:: ENTRIES SHOWN

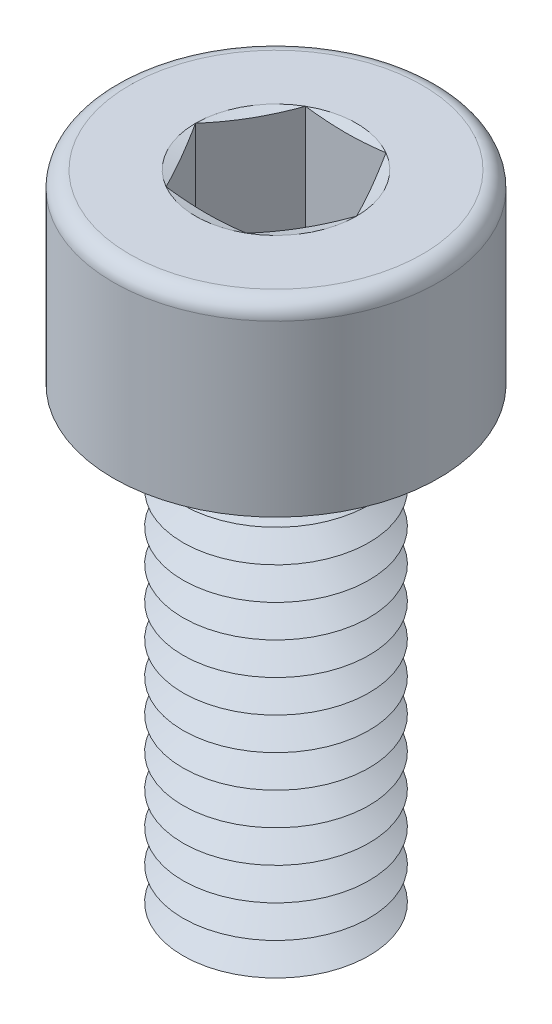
ISO-10303-21;
HEADER;
FILE_DESCRIPTION(('STEP AP214'),'2;1');
FILE_NAME('part.step','',(''),(''),'','','');
FILE_SCHEMA(('AUTOMOTIVE_DESIGN { 1 0 10303 214 1 1 1 1 }'));
ENDSEC;
DATA;
#1=APPLICATION_CONTEXT('core data for automotive mechanical design processes');
#2=APPLICATION_PROTOCOL_DEFINITION('international standard','automotive_design',2000,#1);
#3=PRODUCT_CONTEXT('',#1,'mechanical');
#4=PRODUCT('Part','Part','',(#3));
#5=PRODUCT_RELATED_PRODUCT_CATEGORY('part','',(#4));
#6=PRODUCT_DEFINITION_FORMATION('','',#4);
#7=PRODUCT_DEFINITION_CONTEXT('part definition',#1,'design');
#8=PRODUCT_DEFINITION('design','',#6,#7);
#9=PRODUCT_DEFINITION_SHAPE('','',#8);
#10=(LENGTH_UNIT() NAMED_UNIT(*) SI_UNIT(.MILLI.,.METRE.));
#11=(NAMED_UNIT(*) PLANE_ANGLE_UNIT() SI_UNIT($,.RADIAN.));
#12=(NAMED_UNIT(*) SI_UNIT($,.STERADIAN.) SOLID_ANGLE_UNIT());
#13=UNCERTAINTY_MEASURE_WITH_UNIT(LENGTH_MEASURE(1.E-05),#10,'distance_accuracy_value','');
#14=(GEOMETRIC_REPRESENTATION_CONTEXT(3) GLOBAL_UNCERTAINTY_ASSIGNED_CONTEXT((#13)) GLOBAL_UNIT_ASSIGNED_CONTEXT((#10,
#11,#12)) REPRESENTATION_CONTEXT('',''));
#15=CARTESIAN_POINT('',(0.,0.,0.));
#16=DIRECTION('',(0.,0.,1.));
#17=DIRECTION('',(1.,0.,0.));
#18=AXIS2_PLACEMENT_3D('',#15,#16,#17);
#19=CARTESIAN_POINT('',(0.,2.8,0.));
#20=DIRECTION('',(0.,1.,0.));
#21=DIRECTION('',(0.,0.,1.));
#22=AXIS2_PLACEMENT_3D('',#19,#20,#21);
#23=CONICAL_SURFACE('',#22,1.39378221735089,1.0471975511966);
#24=CARTESIAN_POINT('',(0.,3.15,0.));
#25=DIRECTION('',(0.,1.,0.));
#26=DIRECTION('',(0.,0.,1.));
#27=AXIS2_PLACEMENT_3D('',#24,#25,#26);
#28=CIRCLE('',#27,2.);
#29=CARTESIAN_POINT('',(0.,3.15,2.));
#30=VERTEX_POINT('',#29);
#31=EDGE_CURVE('E385',#30,#30,#28,.T.);
#32=ORIENTED_EDGE('',*,*,#31,.F.);
#33=EDGE_LOOP('',(#32));
#34=FACE_BOUND('',#33,.T.);
#35=CARTESIAN_POINT('',(0.,2.8,0.));
#36=DIRECTION('',(0.,1.,0.));
#37=DIRECTION('',(0.,0.,1.));
#38=AXIS2_PLACEMENT_3D('',#35,#36,#37);
#39=CIRCLE('',#38,1.39378221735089);
#40=CARTESIAN_POINT('',(0.,2.8,1.39378221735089));
#41=VERTEX_POINT('',#40);
#42=EDGE_CURVE('E388',#41,#41,#39,.T.);
#43=ORIENTED_EDGE('',*,*,#42,.T.);
#44=EDGE_LOOP('',(#43));
#45=FACE_BOUND('',#44,.T.);
#46=ADVANCED_FACE('F36',(#34,#45),#23,.T.);
#47=CARTESIAN_POINT('',(0.,2.45,0.));
#48=DIRECTION('',(0.,-1.,0.));
#49=DIRECTION('',(0.,0.,-1.));
#50=AXIS2_PLACEMENT_3D('',#47,#48,#49);
#51=CONICAL_SURFACE('',#50,2.,1.0471975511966);
#52=ORIENTED_EDGE('',*,*,#42,.F.);
#53=EDGE_LOOP('',(#52));
#54=FACE_BOUND('',#53,.T.);
#55=CARTESIAN_POINT('',(0.,2.45,0.));
#56=DIRECTION('',(0.,1.,0.));
#57=DIRECTION('',(0.,0.,1.));
#58=AXIS2_PLACEMENT_3D('',#55,#56,#57);
#59=CIRCLE('',#58,2.);
#60=CARTESIAN_POINT('',(0.,2.45,2.));
#61=VERTEX_POINT('',#60);
#62=EDGE_CURVE('E391',#61,#61,#59,.T.);
#63=ORIENTED_EDGE('',*,*,#62,.T.);
#64=EDGE_LOOP('',(#63));
#65=FACE_BOUND('',#64,.T.);
#66=ADVANCED_FACE('F236',(#54,#65),#51,.T.);
#67=CARTESIAN_POINT('',(0.,0.,0.));
#68=DIRECTION('',(0.,1.,0.));
#69=DIRECTION('',(0.,0.,1.));
#70=AXIS2_PLACEMENT_3D('',#67,#68,#69);
#71=PLANE('',#70);
#72=CARTESIAN_POINT('',(0.,0.,0.));
#73=DIRECTION('',(0.,1.,0.));
#74=DIRECTION('',(0.,0.,1.));
#75=AXIS2_PLACEMENT_3D('',#72,#73,#74);
#76=CIRCLE('',#75,1.39378221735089);
#77=CARTESIAN_POINT('',(0.,0.,1.39378221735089));
#78=VERTEX_POINT('',#77);
#79=EDGE_CURVE('E412',#78,#78,#76,.T.);
#80=ORIENTED_EDGE('',*,*,#79,.F.);
#81=EDGE_LOOP('',(#80));
#82=FACE_BOUND('',#81,.T.);
#83=ADVANCED_FACE('F233',(#82),#71,.F.);
#84=CARTESIAN_POINT('',(0.,0.,0.));
#85=DIRECTION('',(0.,1.,0.));
#86=DIRECTION('',(0.,0.,1.));
#87=AXIS2_PLACEMENT_3D('',#84,#85,#86);
#88=CONICAL_SURFACE('',#87,1.39378221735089,1.0471975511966);
#89=CARTESIAN_POINT('',(0.,0.35,0.));
#90=DIRECTION('',(0.,1.,0.));
#91=DIRECTION('',(0.,0.,1.));
#92=AXIS2_PLACEMENT_3D('',#89,#90,#91);
#93=CIRCLE('',#92,2.);
#94=CARTESIAN_POINT('',(0.,0.35,2.));
#95=VERTEX_POINT('',#94);
#96=EDGE_CURVE('E409',#95,#95,#93,.T.);
#97=ORIENTED_EDGE('',*,*,#96,.F.);
#98=EDGE_LOOP('',(#97));
#99=FACE_BOUND('',#98,.T.);
#100=ORIENTED_EDGE('',*,*,#79,.T.);
#101=EDGE_LOOP('',(#100));
#102=FACE_BOUND('',#101,.T.);
#103=ADVANCED_FACE('F235',(#99,#102),#88,.T.);
#104=CARTESIAN_POINT('',(0.,0.35,0.));
#105=DIRECTION('',(0.,-1.,0.));
#106=DIRECTION('',(0.,0.,-1.));
#107=AXIS2_PLACEMENT_3D('',#104,#105,#106);
#108=CONICAL_SURFACE('',#107,2.,1.0471975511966);
#109=CARTESIAN_POINT('',(0.,0.7,0.));
#110=DIRECTION('',(0.,1.,0.));
#111=DIRECTION('',(0.,0.,1.));
#112=AXIS2_PLACEMENT_3D('',#109,#110,#111);
#113=CIRCLE('',#112,1.39378221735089);
#114=CARTESIAN_POINT('',(0.,0.7,1.39378221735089));
#115=VERTEX_POINT('',#114);
#116=EDGE_CURVE('E406',#115,#115,#113,.T.);
#117=ORIENTED_EDGE('',*,*,#116,.F.);
#118=EDGE_LOOP('',(#117));
#119=FACE_BOUND('',#118,.T.);
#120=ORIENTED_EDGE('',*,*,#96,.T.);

::::

TASK REQUIREMENTS>
Starting with the line with "#38=AXIS2_PLACEMENT_3D('',#35,#36,#37);" above and going on through the line with "#81=EDGE_LOOP('',(#80));", transcribe every line exactly, both ends included, and add nothing.

ANSWER BOX>
#38=AXIS2_PLACEMENT_3D('',#35,#36,#37);
#39=CIRCLE('',#38,1.39378221735089);
#40=CARTESIAN_POINT('',(0.,2.8,1.39378221735089));
#41=VERTEX_POINT('',#40);
#42=EDGE_CURVE('E388',#41,#41,#39,.T.);
#43=ORIENTED_EDGE('',*,*,#42,.T.);
#44=EDGE_LOOP('',(#43));
#45=FACE_BOUND('',#44,.T.);
#46=ADVANCED_FACE('F36',(#34,#45),#23,.T.);
#47=CARTESIAN_POINT('',(0.,2.45,0.));
#48=DIRECTION('',(0.,-1.,0.));
#49=DIRECTION('',(0.,0.,-1.));
#50=AXIS2_PLACEMENT_3D('',#47,#48,#49);
#51=CONICAL_SURFACE('',#50,2.,1.0471975511966);
#52=ORIENTED_EDGE('',*,*,#42,.F.);
#53=EDGE_LOOP('',(#52));
#54=FACE_BOUND('',#53,.T.);
#55=CARTESIAN_POINT('',(0.,2.45,0.));
#56=DIRECTION('',(0.,1.,0.));
#57=DIRECTION('',(0.,0.,1.));
#58=AXIS2_PLACEMENT_3D('',#55,#56,#57);
#59=CIRCLE('',#58,2.);
#60=CARTESIAN_POINT('',(0.,2.45,2.));
#61=VERTEX_POINT('',#60);
#62=EDGE_CURVE('E391',#61,#61,#59,.T.);
#63=ORIENTED_EDGE('',*,*,#62,.T.);
#64=EDGE_LOOP('',(#63));
#65=FACE_BOUND('',#64,.T.);
#66=ADVANCED_FACE('F236',(#54,#65),#51,.T.);
#67=CARTESIAN_POINT('',(0.,0.,0.));
#68=DIRECTION('',(0.,1.,0.));
#69=DIRECTION('',(0.,0.,1.));
#70=AXIS2_PLACEMENT_3D('',#67,#68,#69);
#71=PLANE('',#70);
#72=CARTESIAN_POINT('',(0.,0.,0.));
#73=DIRECTION('',(0.,1.,0.));
#74=DIRECTION('',(0.,0.,1.));
#75=AXIS2_PLACEMENT_3D('',#72,#73,#74);
#76=CIRCLE('',#75,1.39378221735089);
#77=CARTESIAN_POINT('',(0.,0.,1.39378221735089));
#78=VERTEX_POINT('',#77);
#79=EDGE_CURVE('E412',#78,#78,#76,.T.);
#80=ORIENTED_EDGE('',*,*,#79,.F.);
#81=EDGE_LOOP('',(#80));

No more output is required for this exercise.